BEGIN DATA SECTION

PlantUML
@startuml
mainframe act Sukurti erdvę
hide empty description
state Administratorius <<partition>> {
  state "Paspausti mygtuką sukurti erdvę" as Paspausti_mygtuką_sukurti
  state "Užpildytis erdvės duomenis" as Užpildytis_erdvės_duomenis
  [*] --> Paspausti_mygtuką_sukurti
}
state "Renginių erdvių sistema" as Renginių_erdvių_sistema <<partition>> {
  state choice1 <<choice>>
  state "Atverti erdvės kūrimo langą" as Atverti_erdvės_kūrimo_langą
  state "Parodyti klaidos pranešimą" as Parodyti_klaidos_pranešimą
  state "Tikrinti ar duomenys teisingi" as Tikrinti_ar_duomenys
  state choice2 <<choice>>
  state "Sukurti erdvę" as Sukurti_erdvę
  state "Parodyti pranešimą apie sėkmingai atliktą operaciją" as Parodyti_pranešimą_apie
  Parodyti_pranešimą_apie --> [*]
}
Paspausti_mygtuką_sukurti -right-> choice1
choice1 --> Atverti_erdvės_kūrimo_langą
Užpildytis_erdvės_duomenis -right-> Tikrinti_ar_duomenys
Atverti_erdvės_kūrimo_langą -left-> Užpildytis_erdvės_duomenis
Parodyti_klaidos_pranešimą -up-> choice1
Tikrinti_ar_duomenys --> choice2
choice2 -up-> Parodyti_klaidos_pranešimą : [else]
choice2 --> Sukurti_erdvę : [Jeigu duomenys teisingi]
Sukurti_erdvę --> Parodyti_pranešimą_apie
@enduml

END DATA SECTION

Stop at the line containing "pranešimą apie sėkmingai". Please print exactly every line before it from the start of the records, plus that line itself, and nothing else.

PlantUML
@startuml
mainframe act Sukurti erdvę
hide empty description
state Administratorius <<partition>> {
  state "Paspausti mygtuką sukurti erdvę" as Paspausti_mygtuką_sukurti
  state "Užpildytis erdvės duomenis" as Užpildytis_erdvės_duomenis
  [*] --> Paspausti_mygtuką_sukurti
}
state "Renginių erdvių sistema" as Renginių_erdvių_sistema <<partition>> {
  state choice1 <<choice>>
  state "Atverti erdvės kūrimo langą" as Atverti_erdvės_kūrimo_langą
  state "Parodyti klaidos pranešimą" as Parodyti_klaidos_pranešimą
  state "Tikrinti ar duomenys teisingi" as Tikrinti_ar_duomenys
  state choice2 <<choice>>
  state "Sukurti erdvę" as Sukurti_erdvę
  state "Parodyti pranešimą apie sėkmingai atliktą operaciją" as Parodyti_pranešimą_apie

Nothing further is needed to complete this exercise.